Description of the task
Only the lines from the one containing "dxfattribs=at).set_placement((8.146, 0.351), align=Align.RIGHT)" through the final line of the material below should be output, exactly as they stand.

+===+

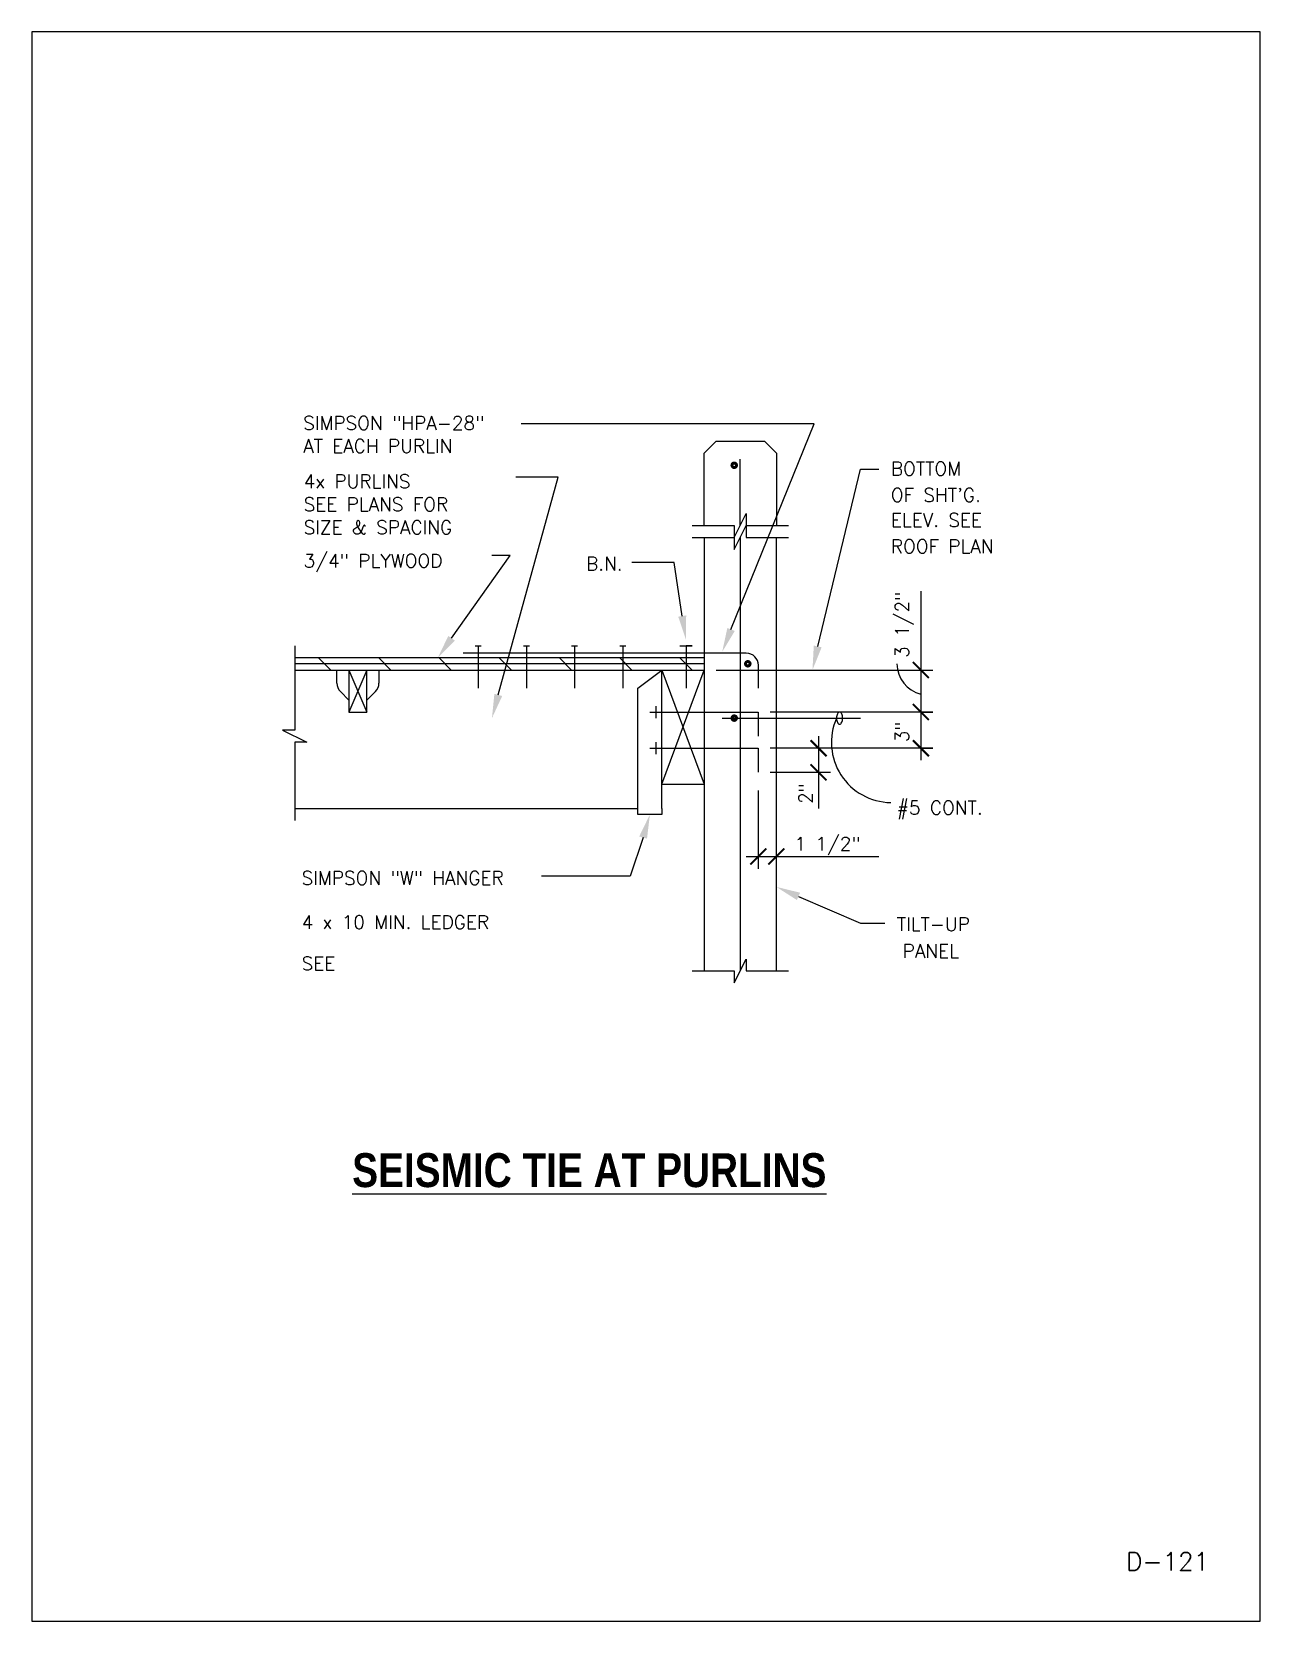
# Model space of a CAD drawing. Extents: x 0 to 8.5, y 0 to 11.
import ezdxf
from ezdxf.enums import TextEntityAlignment as Align

# ---------------------------------------------------------------- set-up
doc = ezdxf.new("R2010")
doc.units = 0
doc.header["$LTSCALE"] = 8
doc.header["$MEASUREMENT"] = 0
doc.layers.get('0').update_dxf_attribs({"linetype": 'CONTINUOUS'})
for name, color, linetype in [('DIM', 7, 'CONTINUOUS'), ('DIMLINES', 7, 'CONTINUOUS'), ('OBJECT1', 5, 'CONTINUOUS'), ('OBJECT2', 1, 'CONTINUOUS'), ('OBJECT3', 5, 'CONTINUOUS'), ('TEXT', 1, 'CONTINUOUS')]:
    doc.layers.add(name, color=color, linetype=linetype)
doc.styles.add('SIMPLEX', font='SIMPLEX', dxfattribs={"width": 0.8, "height": 2})
doc.styles.get("Standard").update_dxf_attribs({"font": 'simplex.shx'})

# ---------------------------------------------------------------- blocks, each defined once
blk = doc.blocks.new('HATCH')
at = {"layer": 'DIM'}
blk.add_trace([(-4.35, -3.65), (-3.65, -4.35), (3.65, 4.35), (4.35, 3.65)], dxfattribs=at)
blk = doc.blocks.new('H34')
at = {"layer": 'DIMLINES', "xscale": 0.1666666, "yscale": 0.1666666, "zscale": 0.1666666}
blk.add_blockref('HATCH', (0, 0), dxfattribs=at)

msp = doc.modelspace()

# ---------------------------------------------------------------- linework, layer by layer
at = {"linetype": 'Continuous'}
msp.add_lwpolyline([(0, 0), (8.5, 0), (8.5, 11), (0, 11)], close=True, dxfattribs=at)
at = {"layer": 'DIMLINES'}
for p, q in [((5.414, 8.287), (3.386, 8.287)), ((4.838, 6.863), (5.414, 8.287)), ((5.438, 6.746), (5.735, 7.972)), ((5.735, 7.972), (5.86, 7.972)), ((3.228, 6.411), (3.642, 7.917)), ((3.642, 7.917), (3.35, 7.917)), ((2.905, 6.803), (3.309, 7.375)), ((3.309, 7.375), (3.184, 7.375)), ((4.445, 7.327), (4.153, 7.327)), ((4.5, 6.956), (4.445, 7.327)), ((6.152, 7.129), (6.152, 6.583)), ((4.735, 6.583), (6.235, 6.583)), ((6.152, 6.583), (6.152, 6.292)), ((6.235, 6.292), (5.11, 6.292)), ((6.152, 6.292), (6.235, 6.292)), ((6.152, 6.292), (6.152, 6.042)), ((4.777, 6.25), (5.735, 6.25)), ((5.444, 6.125), (5.444, 5.625)), ((6.235, 6.042), (5.11, 6.042)), ((6.152, 6.042), (6.235, 6.042)), ((6.152, 6.042), (6.152, 5.958)), ((5.11, 5.875), (5.527, 5.875)), ((5.027, 5.75), (5.027, 5.208)), ((4.23, 5.423), (4.141, 5.157)), ((4.944, 5.292), (5.86, 5.292)), ((4.141, 5.157), (3.527, 5.157)), ((5.305, 5.016), (5.735, 4.832)), ((5.735, 4.832), (5.902, 4.832))]:
    msp.add_line(p, q, dxfattribs=at)
msp.add_lwpolyline([(5.569, 6.25, 0.051099), (5.57, 6.233, 0.064948), (5.575, 6.221, 0.104203), (5.582, 6.211, 0.174705), (5.589, 6.208, 0.174705), (5.597, 6.211, 0.104203), (5.604, 6.221, 0.064948), (5.609, 6.233, 0.051099), (5.61, 6.25, 0.051099), (5.609, 6.267, 0.064948), (5.604, 6.279, 0.104203), (5.597, 6.289, 0.174705), (5.589, 6.292, 0.174705), (5.582, 6.289, 0.104203), (5.575, 6.279, 0.064948), (5.57, 6.267, 0.051099)], format="xyb", close=True, dxfattribs=at)
for centre, radius, start, end in [((6.203, 6.628), 0.217, 180.7848, 256.5348), ((5.949, 6.082), 0.416, 156.2387, 269.2318)]:
    msp.add_arc(centre, radius, start, end, dxfattribs=at)
for points in [[(4.528, 6.961), (4.473, 6.952), (4.527, 6.792)], [(4.864, 6.853), (4.813, 6.874), (4.777, 6.708)], [(2.927, 6.787), (2.882, 6.819), (2.809, 6.667)], [(5.465, 6.74), (5.411, 6.752), (5.402, 6.583)], [(3.255, 6.403), (3.201, 6.418), (3.184, 6.25)], [(4.203, 5.431), (4.257, 5.416), (4.277, 5.583)], [(5.294, 4.991), (5.316, 5.042), (5.152, 5.082)]]:
    msp.add_trace(points, dxfattribs=at)
at = {"layer": 'OBJECT1'}
for p, q in [((4.86, 7.5), (4.944, 7.667)), ((4.944, 7.667), (4.944, 7.583)), ((4.569, 7.583), (4.86, 7.583)), ((4.569, 7.5), (4.86, 7.5)), ((4.86, 7.417), (4.944, 7.583)), ((4.86, 7.583), (4.86, 7.5)), ((4.86, 7.5), (4.86, 7.417)), ((4.944, 7.583), (4.944, 7.5)), ((4.944, 7.583), (5.235, 7.583)), ((4.944, 7.5), (5.235, 7.5)), ((1.819, 6.75), (1.819, 6.167)), ((4.652, 6.625), (1.819, 6.625)), ((1.985, 6.667), (2.069, 6.583)), ((2.402, 6.667), (2.485, 6.583)), ((2.819, 6.667), (2.902, 6.583)), ((3.235, 6.667), (3.319, 6.583)), ((3.652, 6.667), (3.735, 6.583)), ((4.069, 6.667), (4.152, 6.583)), ((4.485, 6.667), (4.569, 6.583)), ((2.11, 6.493), (2.11, 6.583)), ((2.194, 6.583), (2.194, 6.292)), ((2.319, 6.583), (2.194, 6.292)), ((2.194, 6.583), (2.319, 6.292)), ((2.319, 6.292), (2.319, 6.583)), ((2.402, 6.583), (2.402, 6.493)), ((4.36, 6.583), (4.652, 5.792)), ((4.36, 5.792), (4.652, 6.583)), ((2.194, 6.375), (2.135, 6.434)), ((2.378, 6.434), (2.319, 6.375)), ((2.194, 6.292), (2.319, 6.292)), ((1.819, 6.167), (1.735, 6.167)), ((1.735, 6.167), (1.902, 6.083)), ((1.902, 6.083), (1.819, 6.083)), ((1.819, 6.083), (1.819, 5.542)), ((4.86, 4.417), (4.944, 4.583)), ((4.944, 4.583), (4.944, 4.5)), ((4.569, 4.5), (4.86, 4.5)), ((4.86, 4.5), (4.86, 4.417)), ((4.944, 4.5), (5.235, 4.5))]:
    msp.add_line(p, q, dxfattribs=at)
for centre, start, end in [((2.194, 6.493), 180, 225), ((2.319, 6.493), 315, 0)]:
    msp.add_arc(centre, 0.0833, start, end, dxfattribs=at)
at = {"layer": 'OBJECT2'}
for p, q in [((4.652, 8.083), (4.735, 8.167)), ((4.735, 8.167), (5.069, 8.167)), ((5.069, 8.167), (5.152, 8.083)), ((4.652, 7.583), (4.652, 8.083)), ((5.152, 8.083), (5.152, 7.583)), ((4.652, 7.5), (4.652, 4.5)), ((5.152, 4.5), (5.152, 7.5)), ((3.069, 6.75), (3.11, 6.75)), ((3.089, 6.75), (3.089, 6.458)), ((3.402, 6.75), (3.444, 6.75)), ((3.423, 6.75), (3.423, 6.458)), ((3.735, 6.75), (3.777, 6.75)), ((3.756, 6.75), (3.756, 6.458)), ((4.069, 6.75), (4.11, 6.75)), ((4.089, 6.75), (4.089, 6.458)), ((4.485, 6.75), (4.527, 6.75)), ((4.527, 6.75), (4.569, 6.75)), ((4.569, 6.75), (4.527, 6.75)), ((4.527, 6.75), (4.527, 6.458)), ((4.652, 6.667), (1.819, 6.667)), ((1.819, 6.583), (4.652, 6.583)), ((4.194, 6.458), (4.36, 6.583)), ((4.36, 5.625), (4.36, 6.583)), ((4.194, 5.583), (4.194, 6.458)), ((4.36, 5.792), (4.652, 5.792)), ((1.819, 5.625), (4.194, 5.625)), ((4.36, 5.625), (4.36, 5.583)), ((4.36, 5.583), (4.194, 5.583))]:
    msp.add_line(p, q, dxfattribs=at)
at = {"layer": 'OBJECT3'}
for p, q in [((4.902, 7.583), (4.902, 8.042)), ((4.902, 7.5), (4.902, 4.5)), ((4.944, 6.699), (2.985, 6.699)), ((5.027, 6.616), (5.027, 6.458)), ((4.277, 6.292), (5.027, 6.292)), ((4.319, 6.333), (4.319, 6.25)), ((5.027, 6.292), (5.027, 6.125)), ((4.319, 6.083), (4.319, 6)), ((4.277, 6.042), (5.027, 6.042)), ((5.027, 6.042), (5.027, 5.875))]:
    msp.add_line(p, q, dxfattribs=at)
at = {"layer": 'OBJECT3', "const_width": 0.0208}
for points in [[(4.845, 8, 1), (4.876, 8, 1)], [(4.939, 6.626, 1), (4.97, 6.626, 1)], [(4.845, 6.25, 1), (4.876, 6.25, 1)]]:
    msp.add_lwpolyline(points, format="xyb", close=True, dxfattribs=at)
at = {"layer": 'OBJECT3'}
msp.add_arc((4.944, 6.616), 0.0833, 0, 90, dxfattribs=at)

# ---------------------------------------------------------------- block references
at = {"layer": 'DIMLINES', "xscale": 0.01388333333333333, "yscale": 0.01388333333333333, "zscale": 0.01388333333333333, "rotation": 270.0000000008416}
for p in [(6.152, 6.583), (6.152, 6.292), (5.444, 6.042), (6.152, 6.042), (5.444, 5.875)]:
    msp.add_blockref('HATCH', p, dxfattribs=at)
at = {"layer": 'DIMLINES', "xscale": 0.08333333333333333, "yscale": 0.08333333333333333, "zscale": 0.08333333333333333}
for p in [(5.027, 5.292), (5.152, 5.292)]:
    msp.add_blockref('H34', p, dxfattribs=at)

# ---------------------------------------------------------------- texts
at = {"linetype": 'Continuous'}
msp.add_text('D-121', height=0.125, dxfattribs=at).set_placement((8.146, 0.351), align=Align.RIGHT)
at = {"linetype": 'Continuous', "insert": (2.217, 3.239), "char_height": 0.23438, "width": 5.12109, "attachment_point": 1}
msp.add_mtext('{\\fTechnicBold|b0|i0|c2|p2;\\LSEISMIC TIE AT PURLINS}', dxfattribs=at)
at = {"layer": 'TEXT', "style": 'SIMPLEX'}
for s, height, p in [('SIMPSON "HPA-28"', 0.09375, (1.878, 8.245)), ('AT EACH PURLIN', 0.09375, (1.878, 8.086)), ('4x PURLINS', 0.0938, (1.881, 7.842)), ('BOTTOM', 0.0938, (5.944, 7.93)), ("OF SHT'G.", 0.0938, (5.944, 7.748)), ('SEE PLANS FOR', 0.09375, (1.881, 7.683)), ('SIZE & SPACING', 0.09375, (1.881, 7.523)), ('ELEV. SEE', 0.0938, (5.944, 7.574)), ('ROOF PLAN', 0.0938, (5.944, 7.392)), ('3/4" PLYWOOD', 0.09375, (1.881, 7.292)), ('B.N.', 0.0938, (3.835, 7.272)), ('#5 CONT.', 0.0938, (5.985, 5.583)), ('1 1/2"', 0.0938, (5.277, 5.333)), ('SIMPSON "W" HANGER', 0.09375, (1.867, 5.097)), ('4 x 10 MIN. LEDGER', 0.09375, (1.867, 4.791)), ('TILT-UP', 0.0938, (5.985, 4.777)), ('PANEL', 0.0938, (6.026, 4.591)), ('SEE', 0.0938, (1.867, 4.505))]:
    msp.add_text(s, height=height, dxfattribs=at).set_placement(p)
for s, p in [('3 1/2"', (6.069, 6.667)), ('3"', (6.069, 6.083)), ('2"', (5.402, 5.656))]:
    msp.add_text(s, height=0.0938, rotation=90, dxfattribs=at).set_placement(p)

doc.saveas('drawing.dxf')

+===+

Result of this exercise
msp.add_text('D-121', height=0.125, dxfattribs=at).set_placement((8.146, 0.351), align=Align.RIGHT)
at = {"linetype": 'Continuous', "insert": (2.217, 3.239), "char_height": 0.23438, "width": 5.12109, "attachment_point": 1}
msp.add_mtext('{\\fTechnicBold|b0|i0|c2|p2;\\LSEISMIC TIE AT PURLINS}', dxfattribs=at)
at = {"layer": 'TEXT', "style": 'SIMPLEX'}
for s, height, p in [('SIMPSON "HPA-28"', 0.09375, (1.878, 8.245)), ('AT EACH PURLIN', 0.09375, (1.878, 8.086)), ('4x PURLINS', 0.0938, (1.881, 7.842)), ('BOTTOM', 0.0938, (5.944, 7.93)), ("OF SHT'G.", 0.0938, (5.944, 7.748)), ('SEE PLANS FOR', 0.09375, (1.881, 7.683)), ('SIZE & SPACING', 0.09375, (1.881, 7.523)), ('ELEV. SEE', 0.0938, (5.944, 7.574)), ('ROOF PLAN', 0.0938, (5.944, 7.392)), ('3/4" PLYWOOD', 0.09375, (1.881, 7.292)), ('B.N.', 0.0938, (3.835, 7.272)), ('#5 CONT.', 0.0938, (5.985, 5.583)), ('1 1/2"', 0.0938, (5.277, 5.333)), ('SIMPSON "W" HANGER', 0.09375, (1.867, 5.097)), ('4 x 10 MIN. LEDGER', 0.09375, (1.867, 4.791)), ('TILT-UP', 0.0938, (5.985, 4.777)), ('PANEL', 0.0938, (6.026, 4.591)), ('SEE', 0.0938, (1.867, 4.505))]:
    msp.add_text(s, height=height, dxfattribs=at).set_placement(p)
for s, p in [('3 1/2"', (6.069, 6.667)), ('3"', (6.069, 6.083)), ('2"', (5.402, 5.656))]:
    msp.add_text(s, height=0.0938, rotation=90, dxfattribs=at).set_placement(p)

doc.saveas('drawing.dxf')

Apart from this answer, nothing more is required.